> WHAT IS BEING ASKED
Scan the material below for the string "linetype", and copy every line where it shows up.

> RECORDED DATA
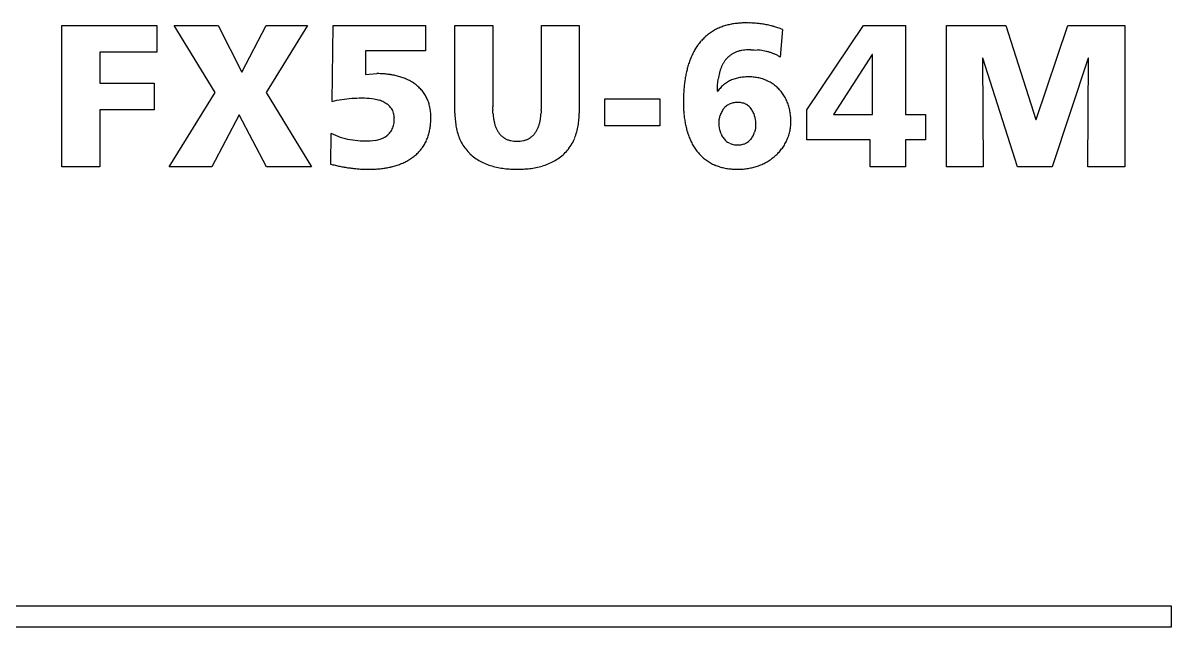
# Model space of a CAD drawing. Extents: x 168 to 388, y 259 to 356.
# Drawn here: x 316.01 to 332.22, y 294.67 to 303.2 of the extents above; entities that cross this region are included whole.
import ezdxf

# ---------------------------------------------------------------- set-up
doc = ezdxf.new("R2010")
doc.units = 0
doc.header["$MEASUREMENT"] = 0
doc.layers.get('0').update_dxf_attribs({"linetype": 'CONTINUOUS'})

msp = doc.modelspace()

# ---------------------------------------------------------------- linework, layer by layer
at = {"color": 7, "linetype": 'Continuous'}
for p, q in [((316.559, 301.169), (316.559, 303.168)), ((316.559, 303.168), (317.897, 303.168)), ((317.897, 303.168), (317.897, 302.79)), ((318.72, 302.22), (318.141, 303.168)), ((318.141, 303.168), (318.763, 303.168)), ((318.763, 303.168), (319.098, 302.509)), ((319.098, 302.509), (319.441, 303.168)), ((319.441, 303.168), (320.026, 303.168)), ((320.026, 303.168), (319.441, 302.22)), ((320.373, 302.094), (320.387, 303.168)), ((320.387, 303.168), (321.69, 303.168)), ((321.69, 303.168), (321.69, 302.807)), ((322.107, 301.928), (322.107, 303.168)), ((322.107, 303.168), (322.64, 303.168)), ((322.64, 303.168), (322.64, 302.017)), ((323.327, 302.017), (323.327, 303.168)), ((323.327, 303.168), (323.86, 303.168)), ((323.86, 303.168), (323.86, 301.928)), ((326.731, 303.111), (326.7, 302.718)), ((327.073, 301.974), (327.875, 303.168)), ((327.875, 303.168), (328.465, 303.168)), ((328.465, 303.168), (328.465, 301.911)), ((329.044, 303.168), (329.883, 303.168)), ((329.044, 301.169), (329.044, 303.168)), ((329.883, 303.168), (330.307, 301.839)), ((330.313, 301.839), (330.757, 303.168)), ((330.757, 303.168), (331.564, 303.168)), ((331.564, 303.168), (331.564, 301.169)), ((317.897, 302.79), (317.092, 302.79)), ((317.092, 302.79), (317.092, 302.352)), ((321.69, 302.807), (320.845, 302.807)), ((320.845, 302.807), (320.845, 302.475)), ((326.286, 302.824), (326.329, 302.823)), ((326.329, 302.823), (326.372, 302.82)), ((327.995, 302.756), (327.451, 301.911)), ((328.001, 302.756), (327.995, 302.756)), ((328.001, 301.911), (328.001, 302.756)), ((329.56, 302.704), (329.554, 302.704)), ((329.554, 302.704), (329.565, 301.169)), ((330.046, 301.169), (329.56, 302.704)), ((331.046, 302.704), (330.536, 301.169)), ((331.043, 301.169), (331.052, 302.704)), ((331.052, 302.704), (331.046, 302.704)), ((320.845, 302.475), (321.002, 302.486)), ((317.092, 302.352), (317.862, 302.352)), ((317.862, 302.352), (317.862, 301.974)), ((325.812, 302.237), (325.813, 302.281)), ((325.813, 302.281), (325.815, 302.324)), ((325.815, 302.324), (325.819, 302.367)), ((325.819, 302.367), (325.824, 302.41)), ((318.073, 301.169), (318.72, 302.22)), ((319.441, 302.22), (320.083, 301.169)), ((320.373, 302.094), (320.407, 302.103)), ((320.407, 302.103), (320.441, 302.11)), ((320.441, 302.11), (320.476, 302.117)), ((320.476, 302.117), (320.511, 302.122)), ((320.511, 302.122), (320.546, 302.127)), ((320.546, 302.127), (320.58, 302.131)), ((320.58, 302.131), (320.615, 302.135)), ((320.615, 302.135), (320.65, 302.138)), ((320.65, 302.138), (320.685, 302.14)), ((320.685, 302.14), (320.72, 302.141)), ((320.72, 302.141), (320.757, 302.142)), ((320.757, 302.142), (320.792, 302.143)), ((320.792, 302.143), (320.828, 302.143)), ((320.828, 302.143), (320.863, 302.141)), ((320.863, 302.141), (320.898, 302.139)), ((320.898, 302.139), (320.933, 302.134)), ((320.933, 302.134), (320.968, 302.128)), ((320.968, 302.128), (321.003, 302.121)), ((321.003, 302.121), (321.037, 302.111)), ((324.223, 302.128), (324.999, 302.128)), ((324.223, 301.75), (324.223, 302.128)), ((324.999, 302.128), (324.999, 301.75)), ((325.812, 302.237), (325.818, 302.237)), ((317.862, 301.974), (317.092, 301.974)), ((317.092, 301.974), (317.092, 301.169)), ((322.643, 301.926), (322.64, 301.972)), ((323.326, 301.971), (323.324, 301.926)), ((327.073, 301.55), (327.073, 301.974)), ((319.061, 301.905), (318.677, 301.169)), ((319.447, 301.169), (319.061, 301.905)), ((325.835, 301.78), (325.836, 301.81)), ((325.837, 301.75), (325.835, 301.78)), ((325.836, 301.81), (325.839, 301.839)), ((325.839, 301.839), (325.844, 301.869)), ((325.844, 301.869), (325.852, 301.897)), ((326.324, 301.924), (326.333, 301.896)), ((326.333, 301.896), (326.341, 301.867)), ((326.341, 301.867), (326.346, 301.838)), ((326.346, 301.838), (326.349, 301.808)), ((326.349, 301.808), (326.351, 301.778)), ((326.351, 301.778), (326.351, 301.749)), ((327.451, 301.911), (328.001, 301.911)), ((328.465, 301.911), (328.749, 301.911)), ((328.749, 301.911), (328.749, 301.55)), ((330.307, 301.839), (330.313, 301.839)), ((320.353, 301.206), (320.361, 301.639)), ((320.393, 301.624), (320.361, 301.639)), ((320.425, 301.61), (320.393, 301.624)), ((324.999, 301.75), (324.223, 301.75)), ((325.84, 301.721), (325.837, 301.75)), ((325.846, 301.692), (325.84, 301.721)), ((325.854, 301.663), (325.846, 301.692)), ((325.864, 301.635), (325.854, 301.663)), ((326.344, 301.689), (326.337, 301.661)), ((326.348, 301.719), (326.344, 301.689)), ((326.351, 301.749), (326.348, 301.719)), ((320.458, 301.597), (320.425, 301.61)), ((320.492, 301.585), (320.458, 301.597)), ((320.526, 301.575), (320.492, 301.585)), ((320.56, 301.566), (320.526, 301.575)), ((320.594, 301.557), (320.56, 301.566)), ((320.629, 301.55), (320.594, 301.557)), ((320.665, 301.544), (320.629, 301.55)), ((320.7, 301.539), (320.665, 301.544)), ((320.735, 301.535), (320.7, 301.539)), ((320.77, 301.532), (320.735, 301.535)), ((320.806, 301.531), (320.77, 301.532)), ((320.841, 301.53), (320.806, 301.531)), ((320.877, 301.531), (320.841, 301.53)), ((320.912, 301.533), (320.877, 301.531)), ((320.947, 301.536), (320.912, 301.533)), ((320.982, 301.542), (320.947, 301.536)), ((327.967, 301.55), (327.073, 301.55)), ((327.967, 301.169), (327.967, 301.55)), ((328.749, 301.55), (328.465, 301.55)), ((328.465, 301.55), (328.465, 301.169)), ((317.092, 301.169), (316.559, 301.169)), ((318.677, 301.169), (318.073, 301.169)), ((320.083, 301.169), (319.447, 301.169)), ((328.465, 301.169), (327.967, 301.169)), ((329.565, 301.169), (329.044, 301.169)), ((330.536, 301.169), (330.046, 301.169)), ((331.564, 301.169), (331.043, 301.169)), ((277.915, 294.966), (332.216, 294.966)), ((332.216, 294.966), (332.216, 294.666)), ((332.216, 294.666), (277.915, 294.666))]:
    msp.add_line(p, q, dxfattribs=at)
for centre, radius, start, end in [((326.105, 302.495), 0.691, 121.8205, 127.4706), ((326.116, 302.477), 0.713, 116.3103, 121.7909), ((326.133, 302.443), 0.751, 111.1092, 116.3131), ((326.15, 302.399), 0.798, 106.1991, 111.0956), ((326.17, 302.33), 0.869, 101.7041, 106.2012), ((326.186, 302.252), 0.949, 97.5843, 101.7032), ((326.203, 302.123), 1.079, 93.9603, 97.5804), ((326.215, 301.949), 1.254, 90.8457, 93.9619), ((326.219, 301.659), 1.543, 88.2914, 90.8229), ((326.215, 301.436), 1.767, 86.19, 88.4011), ((326.231, 301.68), 1.522, 83.5898, 86.156), ((326.245, 301.804), 1.397, 80.8002, 83.5963), ((326.26, 301.895), 1.305, 77.8014, 80.796), ((326.271, 301.949), 1.25, 74.6685, 77.7951), ((326.276, 301.966), 1.232, 71.4929, 74.6635), ((326.268, 301.944), 1.255, 68.3477, 71.4947), ((326.155, 302.447), 0.761, 138.53, 143.6617), ((326.12, 302.478), 0.713, 133.0543, 138.5305), ((326.111, 302.487), 0.701, 127.4672, 133.0392), ((326.345, 302.334), 0.982, 152.8571, 156.8358), ((326.263, 302.375), 0.891, 148.4735, 152.8605), ((326.197, 302.416), 0.812, 143.6624, 148.4711), ((326.201, 302.463), 0.35, 118.4467, 125.5436), ((326.215, 302.435), 0.382, 111.9034, 118.4132), ((326.232, 302.395), 0.425, 106.0634, 111.9093), ((326.248, 302.339), 0.483, 100.9138, 106.0609), ((326.262, 302.267), 0.556, 96.4488, 100.9173), ((326.274, 302.156), 0.668, 92.7237, 96.4427), ((326.282, 301.987), 0.837, 89.7605, 92.7269), ((326.29, 301.856), 0.968, 82.5731, 85.1394), ((326.298, 301.912), 0.912, 79.8493, 82.574), ((326.31, 301.982), 0.84, 76.8949, 79.8523), ((326.326, 302.051), 0.77, 73.6691, 76.8961), ((326.346, 302.118), 0.699, 70.1214, 73.6741), ((326.372, 302.189), 0.624, 66.1466, 70.1274), ((326.402, 302.257), 0.55, 61.6468, 66.163), ((326.683, 302.214), 1.341, 163.6526, 166.5656), ((326.558, 302.251), 1.211, 160.433, 163.6592), ((326.44, 302.293), 1.086, 156.8358, 160.4335), ((326.311, 302.395), 0.48, 152.5068, 157.6846), ((326.257, 302.424), 0.419, 146.5804, 152.511), ((326.221, 302.448), 0.375, 139.9342, 146.5576), ((326.201, 302.464), 0.35, 132.8352, 139.9402), ((326.197, 302.468), 0.343, 125.5381, 132.7731), ((326.435, 302.319), 0.479, 56.3844, 61.5674), ((321.007, 301.27), 1.216, 87.1488, 90.241), ((321.005, 301.224), 1.262, 84.169, 87.1496), ((321.015, 301.315), 1.171, 80.9932, 84.2052), ((321.036, 301.445), 1.039, 77.3736, 80.9942), ((321.059, 301.547), 0.934, 73.3479, 77.3742), ((321.086, 301.637), 0.841, 68.8821, 73.3543), ((326.977, 302.151), 1.642, 169.2031, 171.5821), ((326.818, 302.182), 1.48, 166.5641, 169.2041), ((326.709, 302.285), 0.894, 169.1574, 171.9371), ((326.579, 302.31), 0.761, 165.8944, 169.1587), ((326.48, 302.335), 0.659, 162.1271, 165.8968), ((326.384, 302.366), 0.558, 157.685, 162.1358), ((326.23, 301.836), 0.603, 96.6091, 103.0834), ((326.247, 301.692), 0.748, 91.4106, 96.6323), ((326.249, 301.679), 0.762, 86.344, 91.4737), ((326.255, 301.773), 0.667, 80.4992, 86.3527), ((326.263, 301.825), 0.615, 74.1108, 80.4681), ((321.12, 301.725), 0.747, 63.8463, 68.885), ((321.154, 301.796), 0.668, 58.2137, 63.8489), ((321.19, 301.854), 0.6, 51.9379, 58.2128), ((321.219, 301.891), 0.552, 45.1289, 51.9386), ((321.241, 301.913), 0.521, 37.8742, 45.0961), ((327.373, 302.101), 2.041, 173.7272, 175.6413), ((327.154, 302.125), 1.821, 171.582, 173.7271), ((326.229, 301.951), 0.501, 137.339, 145.141), ((326.19, 301.987), 0.448, 128.679, 137.4032), ((326.179, 302.001), 0.43, 119.5446, 128.6352), ((326.188, 301.984), 0.449, 110.7948, 119.4943), ((326.209, 301.929), 0.508, 103.0839, 110.769), ((326.272, 301.858), 0.581, 67.3788, 74.1071), ((326.282, 301.882), 0.554, 60.3355, 67.3827), ((326.288, 301.891), 0.544, 53.1331, 60.3211), ((326.289, 301.893), 0.542, 45.9019, 53.1115), ((326.283, 301.887), 0.55, 38.8043, 45.9024), ((320.888, 301.647), 0.487, 67.9844, 72.1547), ((321.253, 301.922), 0.507, 30.4543, 37.8786), ((321.238, 301.914), 0.523, 23.2364, 30.424), ((321.214, 301.903), 0.55, 16.3845, 23.2266), ((327.529, 302.09), 2.198, 179.2052, 180.983), ((327.526, 302.09), 2.194, 177.4306, 179.2109), ((327.495, 302.091), 2.163, 175.6243, 177.4303), ((326.267, 301.874), 0.571, 31.9628, 38.8047), ((326.242, 301.859), 0.6, 25.4422, 31.9527), ((326.212, 301.844), 0.634, 19.276, 25.4414), ((320.915, 301.714), 0.415, 63.0966, 67.9928), ((320.942, 301.767), 0.355, 57.3924, 63.1078), ((320.97, 301.811), 0.303, 50.7016, 57.3964), ((320.994, 301.84), 0.266, 43.0624, 50.6994), ((321.013, 301.859), 0.239, 34.5199, 43.0283), ((321.021, 301.864), 0.23, 25.6963, 34.5276), ((321.018, 301.863), 0.233, 16.9131, 25.6327), ((321.17, 301.891), 0.595, 10.0662, 16.3891), ((321.09, 301.877), 0.677, 4.4518, 10.0103), ((323.735, 302.01), 1.096, 179.6684, 182.0356), ((322.235, 302.01), 1.092, 357.9525, 0.3309), ((327.213, 302.084), 1.881, 180.9731, 183.0497), ((326.948, 302.07), 1.616, 183.0496, 185.4664), ((326.132, 301.812), 0.293, 151.5041, 157.3238), ((326.112, 301.823), 0.27, 145.1817, 151.5012), ((326.095, 301.835), 0.249, 138.3483, 145.1833), ((326.085, 301.844), 0.236, 131.1138, 138.3492), ((326.08, 301.85), 0.228, 123.6161, 131.0844), ((326.079, 301.851), 0.226, 116.0665, 123.5997), ((326.083, 301.844), 0.235, 108.8026, 116.0694), ((326.087, 301.829), 0.25, 101.9675, 108.778), ((326.092, 301.807), 0.272, 95.7001, 101.9616), ((326.096, 301.769), 0.31, 90.2073, 95.698), ((326.096, 301.765), 0.315, 84.9133, 90.3295), ((326.1, 301.803), 0.276, 78.7441, 84.9139), ((326.106, 301.834), 0.245, 71.7949, 78.7517), ((326.114, 301.858), 0.22, 64.0206, 71.7759), ((326.118, 301.867), 0.21, 55.8902, 64.0246), ((326.118, 301.867), 0.21, 47.7114, 55.8319), ((326.112, 301.861), 0.218, 39.8867, 47.6922), ((326.096, 301.847), 0.24, 32.7822, 39.889), ((326.071, 301.831), 0.269, 26.4458, 32.7719), ((326.037, 301.815), 0.307, 20.8931, 26.4504), ((326.177, 301.832), 0.671, 13.4523, 19.2787), ((326.117, 301.818), 0.732, 8.1047, 13.4446), ((321.007, 301.859), 0.244, 8.4042, 16.8909), ((320.906, 301.842), 0.345, 345.2555, 351.1408), ((320.882, 301.846), 0.369, 351.0967, 356.5908), ((320.944, 301.85), 0.308, 1.7876, 8.3775), ((320.87, 301.847), 0.381, 356.5843, 1.9078), ((320.894, 301.859), 0.873, 351.7289, 356.0361), ((320.92, 301.864), 0.847, 0.0132, 4.4537), ((320.846, 301.862), 0.921, 356.0359, 0.1202), ((323.09, 301.917), 0.983, 179.3672, 184.5969), ((323.138, 301.921), 1.031, 184.5893, 189.5799), ((323.628, 301.998), 0.987, 184.1758, 186.8026), ((323.437, 301.976), 0.796, 186.8034, 190.0633), ((323.305, 301.952), 0.661, 190.0601, 193.9815), ((323.189, 301.923), 0.542, 193.9554, 198.741), ((322.778, 301.923), 0.541, 341.2135, 346.0036), ((322.663, 301.952), 0.66, 345.9756, 349.9035), ((322.531, 301.976), 0.794, 349.9013, 353.1686), ((322.342, 301.998), 0.984, 353.1688, 355.8038), ((322.828, 301.921), 1.032, 350.4298, 355.4151), ((322.876, 301.917), 0.984, 355.4066, 0.6332), ((326.806, 302.056), 1.474, 185.4744, 188.1255), ((326.701, 302.041), 1.367, 188.1257, 190.9827), ((326.572, 302.016), 1.236, 190.9716, 194.1332), ((326.156, 301.802), 0.318, 157.3197, 162.6706), ((326.087, 301.813), 0.762, 3.0343, 8.1582), ((326.179, 301.812), 0.67, 351.8997, 357.7318), ((326.116, 301.814), 0.734, 357.7153, 3.0396), ((320.981, 301.825), 0.27, 307.2132, 314.7201), ((320.989, 301.816), 0.258, 314.7579, 322.6254), ((320.993, 301.813), 0.253, 322.6567, 330.6698), ((320.982, 301.819), 0.266, 330.6645, 338.2916), ((320.956, 301.829), 0.294, 338.356, 345.2635), ((321.043, 301.829), 0.721, 341.9254, 347.1435), ((320.95, 301.85), 0.816, 347.1376, 351.7464), ((322.996, 301.896), 0.887, 189.4982, 195.2923), ((322.864, 301.86), 0.751, 195.3215, 202.1709), ((323.096, 301.891), 0.444, 198.7315, 204.5797), ((323.023, 301.858), 0.363, 204.5737, 211.7141), ((322.976, 301.829), 0.308, 211.712, 220.1321), ((322.95, 301.807), 0.274, 220.2008, 229.6522), ((323.016, 301.808), 0.275, 310.3239, 319.7621), ((322.99, 301.829), 0.308, 319.8289, 328.2405), ((322.944, 301.858), 0.363, 328.2414, 335.3793), ((322.871, 301.891), 0.443, 335.3713, 341.2215), ((323.102, 301.86), 0.751, 337.8408, 344.6886), ((322.97, 301.896), 0.888, 344.7173, 350.5105), ((326.448, 301.985), 1.108, 194.1324, 197.6581), ((326.338, 301.95), 0.993, 197.6527, 201.587), ((326.146, 301.753), 0.306, 202.768, 208.3438), ((326.066, 301.737), 0.282, 332.2836, 338.1609), ((326.043, 301.746), 0.306, 338.1691, 343.741), ((326.212, 301.808), 0.637, 339.4973, 345.6272), ((326.222, 301.806), 0.627, 345.6229, 351.8526), ((320.883, 302.056), 0.523, 280.9722, 284.8519), ((320.9, 301.988), 0.454, 284.8421, 289.317), ((320.921, 301.93), 0.392, 289.3168, 294.4915), ((320.942, 301.883), 0.34, 294.4813, 300.4422), ((320.963, 301.848), 0.3, 300.4534, 307.2203), ((321.169, 301.779), 0.585, 323.505, 329.9338), ((321.145, 301.792), 0.613, 329.9486, 336.0874), ((321.115, 301.806), 0.646, 336.0879, 341.9143), ((322.799, 301.834), 0.681, 202.1661, 209.7225), ((322.765, 301.814), 0.641, 209.742, 217.7693), ((322.941, 301.797), 0.261, 229.6733, 239.6097), ((322.949, 301.811), 0.277, 239.6191, 248.995), ((322.962, 301.845), 0.313, 249.0597, 257.3445), ((322.975, 301.9), 0.37, 257.3348, 264.3461), ((322.982, 301.98), 0.45, 264.3449, 270.1012), ((322.984, 301.98), 0.45, 269.8987, 275.6656), ((322.992, 301.9), 0.37, 275.6656, 282.676), ((323.004, 301.845), 0.313, 282.6644, 290.9428), ((323.017, 301.811), 0.277, 291.0089, 300.3725), ((323.025, 301.798), 0.261, 300.3813, 310.3024), ((323.202, 301.814), 0.64, 322.2394, 330.2699), ((323.167, 301.833), 0.681, 330.2898, 337.8462), ((326.243, 301.912), 0.891, 201.5857, 205.9718), ((326.165, 301.874), 0.804, 205.9687, 210.8278), ((326.099, 301.835), 0.727, 210.8269, 216.1975), ((326.123, 301.741), 0.28, 208.3432, 214.4231), ((326.105, 301.728), 0.257, 214.4207, 221.1421), ((326.092, 301.717), 0.241, 221.1396, 228.2226), ((326.085, 301.71), 0.231, 228.2508, 235.6398), ((326.082, 301.706), 0.226, 235.6521, 243.2032), ((326.084, 301.709), 0.229, 243.1989, 250.6474), ((326.089, 301.725), 0.246, 250.6971, 257.6314), ((326.094, 301.746), 0.268, 257.5973, 263.9645), ((326.094, 301.744), 0.266, 263.9526, 270.4402), ((326.098, 301.753), 0.275, 269.5637, 275.7596), ((326.098, 301.757), 0.278, 275.7453, 281.866), ((326.103, 301.73), 0.251, 281.8302, 288.6168), ((326.109, 301.711), 0.232, 288.6679, 296.0253), ((326.113, 301.705), 0.224, 296.0254, 303.6542), ((326.113, 301.705), 0.224, 303.6562, 311.2687), ((326.108, 301.709), 0.23, 311.2968, 318.6923), ((326.1, 301.717), 0.242, 318.7064, 325.7404), ((326.085, 301.727), 0.26, 325.7364, 332.2872), ((326.195, 301.818), 0.657, 321.4054, 327.3532), ((326.205, 301.811), 0.645, 327.3499, 333.4106), ((326.207, 301.81), 0.642, 333.4153, 339.4989), ((321.1, 301.863), 0.694, 299.5558, 304.9768), ((321.13, 301.82), 0.642, 304.9903, 310.8462), ((321.157, 301.789), 0.601, 310.8433, 317.1033), ((321.165, 301.781), 0.59, 317.1292, 323.5064), ((322.753, 301.806), 0.626, 217.8248, 226.0379), ((322.766, 301.819), 0.645, 226.0426, 234.0161), ((322.799, 301.865), 0.702, 234.0202, 241.3465), ((323.167, 301.865), 0.702, 298.6495, 305.9797), ((323.201, 301.819), 0.645, 305.9838, 313.9621), ((323.214, 301.805), 0.626, 313.9669, 322.184), ((326.058, 301.805), 0.676, 216.2042, 221.9819), ((326.025, 301.775), 0.632, 221.9837, 228.1661), ((326.018, 301.768), 0.622, 228.1753, 234.4584), ((326.161, 301.852), 0.705, 304.3352, 309.875), ((326.174, 301.837), 0.685, 309.8736, 315.5755), ((326.184, 301.827), 0.671, 315.5755, 321.4003), ((321.135, 304.383), 3.271, 256.1551, 257.3052), ((321.038, 303.945), 2.823, 257.2811, 258.6138), ((320.97, 303.608), 2.479, 258.6179, 260.1355), ((320.929, 303.372), 2.24, 260.1373, 261.8167), ((320.906, 303.216), 2.082, 261.8192, 263.626), ((320.895, 303.114), 1.979, 263.6283, 265.5293), ((320.889, 303.044), 1.909, 265.5316, 267.5019), ((320.888, 303.015), 1.88, 267.495, 269.4957), ((320.887, 302.856), 1.721, 269.4927, 271.6784), ((320.891, 302.702), 1.567, 271.6784, 274.0799), ((320.901, 302.566), 1.431, 274.077, 276.7061), ((320.916, 302.439), 1.303, 276.7066, 279.5931), ((320.936, 302.323), 1.186, 279.586, 282.759), ((320.963, 302.203), 1.062, 282.7588, 286.3022), ((320.994, 302.099), 0.954, 286.2972, 290.242), ((321.029, 302.003), 0.852, 290.2403, 294.6566), ((321.064, 301.927), 0.768, 294.6556, 299.5573), ((322.839, 301.938), 0.785, 241.3633, 247.9139), ((322.88, 302.04), 0.895, 247.9103, 253.6572), ((322.919, 302.172), 1.032, 253.6541, 258.6358), ((322.949, 302.323), 1.186, 258.6281, 262.9645), ((322.971, 302.5), 1.365, 262.9565, 266.7242), ((322.982, 302.687), 1.552, 266.723, 270.0363), ((322.984, 302.688), 1.553, 269.9618, 273.2758), ((322.995, 302.501), 1.366, 273.275, 277.0392), ((323.017, 302.323), 1.187, 277.0307, 281.3647), ((323.048, 302.172), 1.033, 281.3575, 286.3387), ((323.086, 302.04), 0.895, 286.3352, 292.0831), ((323.128, 301.938), 0.785, 292.0787, 298.6316), ((326.014, 301.762), 0.615, 234.468, 240.8191), ((326.029, 301.788), 0.645, 240.822, 246.8825), ((326.042, 301.819), 0.678, 246.8924, 252.6536), ((326.064, 301.889), 0.752, 252.6548, 257.8522), ((326.081, 301.971), 0.836, 257.8456, 262.4701), ((326.091, 302.045), 0.91, 262.4683, 266.7607), ((326.096, 302.128), 0.993, 266.7596, 270.6938), ((326.097, 302.097), 0.962, 270.6355, 274.6973), ((326.105, 302.008), 0.873, 274.6986, 279.1744), ((326.11, 301.971), 0.835, 279.1899, 283.8694), ((326.117, 301.944), 0.808, 283.8685, 288.7042), ((326.127, 301.916), 0.778, 288.7019, 293.7252), ((326.138, 301.889), 0.748, 293.7286, 298.9489), ((326.149, 301.869), 0.726, 298.9464, 304.331)]:
    msp.add_arc(centre, radius, start, end, dxfattribs=at)

doc.saveas('drawing.dxf')

> YOUR SOLUTION
doc.layers.get('0').update_dxf_attribs({"linetype": 'CONTINUOUS'})
at = {"color": 7, "linetype": 'Continuous'}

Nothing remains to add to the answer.